Looks lovely over there with lots of wild life! 

I am going to have to arrange a trip over your neck of the woods some day and check out some of that wild life, and sip on some budweiser


----------



## HABU (Mar 21, 2007)

royalpython said:


> totally jealous Habu.
> 
> Looks lovely over there with lots of wild life!
> 
> I am going to have to arrange a trip over your neck of the woods some day and check out some of that wild life, and sip on some budweiser


 anytime. we'll just shoot an azimuth and bushwack our way through. be somewhere that no one has stood in 50 years or more. oh and forget about the bud... it sucks to me. steel reserve all the way... it'll knock you on your *ss!:lol2:

it's the most rugged forest in the state. steep hills. ever stand up on a trail and still be able to reach and touch it with your hands... i'm talking steep. but if you like the woods. it's the best. so many habitats. ridges and hollows. no trash or traffic, just wilderness. over 70 miles oh just hiking trails plus lots of bridle trails for the horses. you never see a soul unless you're on a forest road, then maybe a logging truck or a forest worker now and then. i like it. i'll not be able to see it all in my lifetime. it's too big. bass and crappie in the ponds and lakes. sweet!:2thumb: stay in shape....bring a camera..haha!!


----------



## Jake89 (May 30, 2007)

Have you actually moved there for good or just staying there for a while?
Jake
btw what is that snake you got a hold of in your sig?


----------



## HABU (Mar 21, 2007)

Jake89 said:


> Have you actually moved there for good or just staying there for a while?
> Jake
> btw what is that snake you got a hold of in your sig?


i'm here for good. rented me a house.

the snake is a timber rattler that i caught. they are fairly common here. it's easier to find them squished on the road than alive but they are all around. copperheads are very plentiful here too, more so than the timbers. click on the pic.


----------



## Jake89 (May 30, 2007)

HABU said:


> i'm here for good. rented me a house.
> 
> the snake is a timber rattler that i caught. they are fairly common here. it's easier to find them squish on the road than alive but they are all around. copperheads are very plentiful here too, more so than the timbers. click on the pic.


 
Yea i did, and i saw your name on your hand lol.

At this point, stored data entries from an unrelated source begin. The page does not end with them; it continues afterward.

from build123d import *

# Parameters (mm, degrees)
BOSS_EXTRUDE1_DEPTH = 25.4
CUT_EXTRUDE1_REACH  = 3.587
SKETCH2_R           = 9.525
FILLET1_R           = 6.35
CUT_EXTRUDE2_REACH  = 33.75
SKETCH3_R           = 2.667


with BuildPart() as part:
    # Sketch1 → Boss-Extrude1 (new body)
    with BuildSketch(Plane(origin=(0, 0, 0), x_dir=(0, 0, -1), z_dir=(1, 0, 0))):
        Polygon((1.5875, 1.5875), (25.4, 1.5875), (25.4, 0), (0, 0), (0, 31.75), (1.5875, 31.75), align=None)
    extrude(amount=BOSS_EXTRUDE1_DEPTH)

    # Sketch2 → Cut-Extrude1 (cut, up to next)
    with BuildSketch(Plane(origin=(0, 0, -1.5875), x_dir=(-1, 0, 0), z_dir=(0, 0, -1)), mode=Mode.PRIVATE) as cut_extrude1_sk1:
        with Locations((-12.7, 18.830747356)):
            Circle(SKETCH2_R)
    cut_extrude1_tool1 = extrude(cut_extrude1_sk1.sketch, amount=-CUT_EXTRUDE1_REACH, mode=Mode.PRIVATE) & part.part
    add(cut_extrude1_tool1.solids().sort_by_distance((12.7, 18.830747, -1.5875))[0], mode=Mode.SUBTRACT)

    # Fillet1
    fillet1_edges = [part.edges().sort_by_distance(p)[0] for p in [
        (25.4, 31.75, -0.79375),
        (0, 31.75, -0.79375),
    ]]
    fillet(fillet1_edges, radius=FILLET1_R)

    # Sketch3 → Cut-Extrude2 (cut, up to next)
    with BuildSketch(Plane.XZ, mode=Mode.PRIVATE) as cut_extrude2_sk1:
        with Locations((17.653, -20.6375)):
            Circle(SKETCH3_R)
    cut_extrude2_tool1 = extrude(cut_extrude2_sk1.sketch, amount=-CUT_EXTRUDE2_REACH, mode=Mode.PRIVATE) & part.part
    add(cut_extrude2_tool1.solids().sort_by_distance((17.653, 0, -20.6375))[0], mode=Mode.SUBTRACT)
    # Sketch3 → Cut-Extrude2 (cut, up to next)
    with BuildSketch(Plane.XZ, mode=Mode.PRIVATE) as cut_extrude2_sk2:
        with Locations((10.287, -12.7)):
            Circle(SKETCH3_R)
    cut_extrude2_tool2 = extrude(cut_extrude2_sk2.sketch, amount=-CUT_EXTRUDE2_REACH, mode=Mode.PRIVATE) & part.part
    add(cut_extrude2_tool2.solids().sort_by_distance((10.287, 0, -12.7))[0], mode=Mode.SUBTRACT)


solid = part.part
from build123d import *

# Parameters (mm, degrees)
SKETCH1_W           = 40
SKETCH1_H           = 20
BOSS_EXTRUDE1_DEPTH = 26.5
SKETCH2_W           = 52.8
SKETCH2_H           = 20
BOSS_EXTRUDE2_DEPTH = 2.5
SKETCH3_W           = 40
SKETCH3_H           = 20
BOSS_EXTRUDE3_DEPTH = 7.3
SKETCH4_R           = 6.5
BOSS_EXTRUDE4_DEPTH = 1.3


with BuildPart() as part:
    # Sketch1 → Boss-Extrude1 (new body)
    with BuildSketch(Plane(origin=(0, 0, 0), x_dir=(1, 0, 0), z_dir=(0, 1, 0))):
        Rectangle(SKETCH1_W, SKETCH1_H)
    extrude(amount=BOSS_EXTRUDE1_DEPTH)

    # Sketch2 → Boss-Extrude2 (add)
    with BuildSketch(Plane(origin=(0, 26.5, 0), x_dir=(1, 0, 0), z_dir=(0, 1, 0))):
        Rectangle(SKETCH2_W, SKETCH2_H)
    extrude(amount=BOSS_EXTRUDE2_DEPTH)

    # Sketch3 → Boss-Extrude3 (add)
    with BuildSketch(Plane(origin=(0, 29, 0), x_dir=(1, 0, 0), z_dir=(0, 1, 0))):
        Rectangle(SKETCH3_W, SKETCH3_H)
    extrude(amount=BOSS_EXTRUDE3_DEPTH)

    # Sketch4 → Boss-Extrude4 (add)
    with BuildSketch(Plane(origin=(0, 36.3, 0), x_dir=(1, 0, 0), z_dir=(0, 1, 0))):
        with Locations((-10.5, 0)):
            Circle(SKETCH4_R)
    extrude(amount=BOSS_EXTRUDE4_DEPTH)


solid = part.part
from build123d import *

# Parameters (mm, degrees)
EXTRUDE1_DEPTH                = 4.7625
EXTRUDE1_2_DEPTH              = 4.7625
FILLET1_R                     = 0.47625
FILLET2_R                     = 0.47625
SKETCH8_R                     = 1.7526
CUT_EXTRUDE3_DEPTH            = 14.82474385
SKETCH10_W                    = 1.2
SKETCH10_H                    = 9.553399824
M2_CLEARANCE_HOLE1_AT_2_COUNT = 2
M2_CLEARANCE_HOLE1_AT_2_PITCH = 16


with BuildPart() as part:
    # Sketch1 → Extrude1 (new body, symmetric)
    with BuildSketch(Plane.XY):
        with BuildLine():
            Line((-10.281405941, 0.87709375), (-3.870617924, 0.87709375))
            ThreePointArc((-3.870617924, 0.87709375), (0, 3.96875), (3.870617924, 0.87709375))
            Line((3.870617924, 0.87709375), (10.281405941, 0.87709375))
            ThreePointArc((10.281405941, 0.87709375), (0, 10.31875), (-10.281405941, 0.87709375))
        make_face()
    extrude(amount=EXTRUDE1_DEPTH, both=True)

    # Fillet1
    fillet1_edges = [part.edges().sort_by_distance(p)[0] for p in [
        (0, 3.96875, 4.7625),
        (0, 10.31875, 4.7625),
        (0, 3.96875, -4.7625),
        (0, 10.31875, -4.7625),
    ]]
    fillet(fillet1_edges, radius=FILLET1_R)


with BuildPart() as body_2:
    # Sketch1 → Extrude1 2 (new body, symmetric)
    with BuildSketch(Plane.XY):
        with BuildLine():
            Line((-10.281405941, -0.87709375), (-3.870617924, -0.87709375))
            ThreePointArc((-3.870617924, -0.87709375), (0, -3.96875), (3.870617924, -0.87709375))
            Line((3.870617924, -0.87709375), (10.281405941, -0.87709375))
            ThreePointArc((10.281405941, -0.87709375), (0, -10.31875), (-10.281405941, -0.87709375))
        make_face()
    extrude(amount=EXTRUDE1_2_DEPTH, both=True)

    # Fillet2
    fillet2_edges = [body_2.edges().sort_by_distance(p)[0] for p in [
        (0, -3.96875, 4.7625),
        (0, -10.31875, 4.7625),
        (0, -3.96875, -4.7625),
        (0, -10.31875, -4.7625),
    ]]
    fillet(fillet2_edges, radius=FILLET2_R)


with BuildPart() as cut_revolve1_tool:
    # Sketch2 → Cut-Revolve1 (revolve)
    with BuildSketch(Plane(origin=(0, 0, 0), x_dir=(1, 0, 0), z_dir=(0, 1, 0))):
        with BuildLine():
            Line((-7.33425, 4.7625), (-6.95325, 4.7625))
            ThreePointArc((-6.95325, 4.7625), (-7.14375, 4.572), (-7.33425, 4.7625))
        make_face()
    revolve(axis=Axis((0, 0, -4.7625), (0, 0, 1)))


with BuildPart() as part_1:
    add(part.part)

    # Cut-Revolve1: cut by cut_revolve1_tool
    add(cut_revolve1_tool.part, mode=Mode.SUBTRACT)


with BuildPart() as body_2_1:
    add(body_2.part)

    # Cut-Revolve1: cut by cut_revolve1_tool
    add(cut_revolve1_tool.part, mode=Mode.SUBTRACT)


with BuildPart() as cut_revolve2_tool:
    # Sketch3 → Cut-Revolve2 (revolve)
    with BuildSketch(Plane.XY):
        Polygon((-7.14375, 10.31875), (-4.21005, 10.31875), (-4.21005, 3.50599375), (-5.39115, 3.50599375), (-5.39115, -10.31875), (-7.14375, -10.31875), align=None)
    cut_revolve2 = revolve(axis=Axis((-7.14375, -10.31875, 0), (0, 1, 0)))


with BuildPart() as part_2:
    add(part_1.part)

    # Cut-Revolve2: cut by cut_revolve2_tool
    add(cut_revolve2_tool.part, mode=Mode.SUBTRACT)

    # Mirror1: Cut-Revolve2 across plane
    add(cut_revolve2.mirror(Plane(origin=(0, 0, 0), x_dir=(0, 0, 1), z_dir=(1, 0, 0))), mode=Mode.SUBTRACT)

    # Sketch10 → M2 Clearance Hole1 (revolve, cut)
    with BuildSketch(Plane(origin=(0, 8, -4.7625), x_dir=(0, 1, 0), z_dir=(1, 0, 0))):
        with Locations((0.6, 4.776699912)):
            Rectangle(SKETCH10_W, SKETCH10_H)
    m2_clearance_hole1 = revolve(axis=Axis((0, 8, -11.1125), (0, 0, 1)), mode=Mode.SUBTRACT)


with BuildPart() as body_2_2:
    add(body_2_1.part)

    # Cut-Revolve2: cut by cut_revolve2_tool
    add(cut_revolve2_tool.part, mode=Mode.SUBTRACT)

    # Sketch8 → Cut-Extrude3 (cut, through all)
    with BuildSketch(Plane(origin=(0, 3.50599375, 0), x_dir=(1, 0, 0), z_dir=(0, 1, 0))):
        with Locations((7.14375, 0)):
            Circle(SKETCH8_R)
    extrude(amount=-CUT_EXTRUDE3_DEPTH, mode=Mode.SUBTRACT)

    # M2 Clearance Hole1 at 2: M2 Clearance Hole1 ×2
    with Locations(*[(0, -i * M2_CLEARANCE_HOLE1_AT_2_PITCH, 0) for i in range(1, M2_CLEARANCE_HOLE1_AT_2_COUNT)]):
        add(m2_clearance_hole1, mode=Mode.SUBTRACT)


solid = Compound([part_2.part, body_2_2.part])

Can i come over and stay with you for a week or two


----------



## HABU (Mar 21, 2007)

Jake89 said:


> Yea i did, and i saw your name on your hand lol.
> 
> Can i come over and stay with you for a week or two


 sure. we'll go to walmart and get your gear. it'll be fun...haha! seriously, anyone that needs a free guide, just let me know. heck, you might even pick up my accent....:lol2:


----------



## Jake89 (May 30, 2007)

HABU said:


> sure. we'll go to walmart and get your gear. it'll be fun...haha! seriously, anyone that needs a free guide, just let me know. heck, you might even pick up my accent....:lol2:


You have P.M


----------



## royalpython (Nov 16, 2006)

HABU said:


> anytime. we'll just shoot an azimuth and bushwack our way through. be somewhere that no one has stood in 50 years or more. oh and forget about the bud... it sucks to me. steel reserve all the way... it'll knock you on your *ss!:lol2:
> 
> it's the most rugged forest in the state. steep hills. ever stand up on a trail and still be able to reach and touch it with your hands... i'm talking steep. but if you like the woods. it's the best. so many habitats. ridges and hollows. no trash or traffic, just wilderness. over 70 miles oh just hiking trails plus lots of bridle trails for the horses. you never see a soul unless you're on a forest road, then maybe a logging truck or a forest worker now and then. i like it. i'll not be able to see it all in my lifetime. it's too big. bass and crappie in the ponds and lakes. sweet!:2thumb: stay in shape....bring a camera..haha!!


Excellent. i already checked out flights and prices... :lol: not too cheap but not crazy expensive either, something i'll easily consider - you've got a nice day of warmth today followed by possible thunder storms tomorrow and the day after (haha, been checking the weather as well :lol. Steel reserve sounds interesting, might take the pain away from a hungry bear as it bites on my neck :lol:


----------



## Sid.lola (Jan 10, 2008)

We were all wondering where you'd got to! Was about to come looking!!!

:2thumb:


----------



## HABU (Mar 21, 2007)

shawnee ... where i am... just click the pic
http://www.mwestfall.addr.com/nigal/intro.htm
http://www.dnr.state.oh.us/forests/shawnee/tabid/5166/Default.aspx

http://www.sciotocountyohio.com/forest.htm


----------



## Philcw (Feb 7, 2008)

HABU said:


> shawnee ... where i am... just click the pic


Jealous...
im just surrounding by concrete high rised buildings :bash: :lol2:


----------



## HABU (Mar 21, 2007)

pity. iused to live in the city surrounded by the same thing. i had to go. i'll likely live a lot longer now.:lol2:


----------



## TAXI (Apr 5, 2008)

God ,Don't Phone,Don't Write Thought you was DEAD...........:whistling2:

:welcome: HOME...............

Get a Big Ba:censor:stard sat dish...............Internet Probs Solved:2thumb:


----------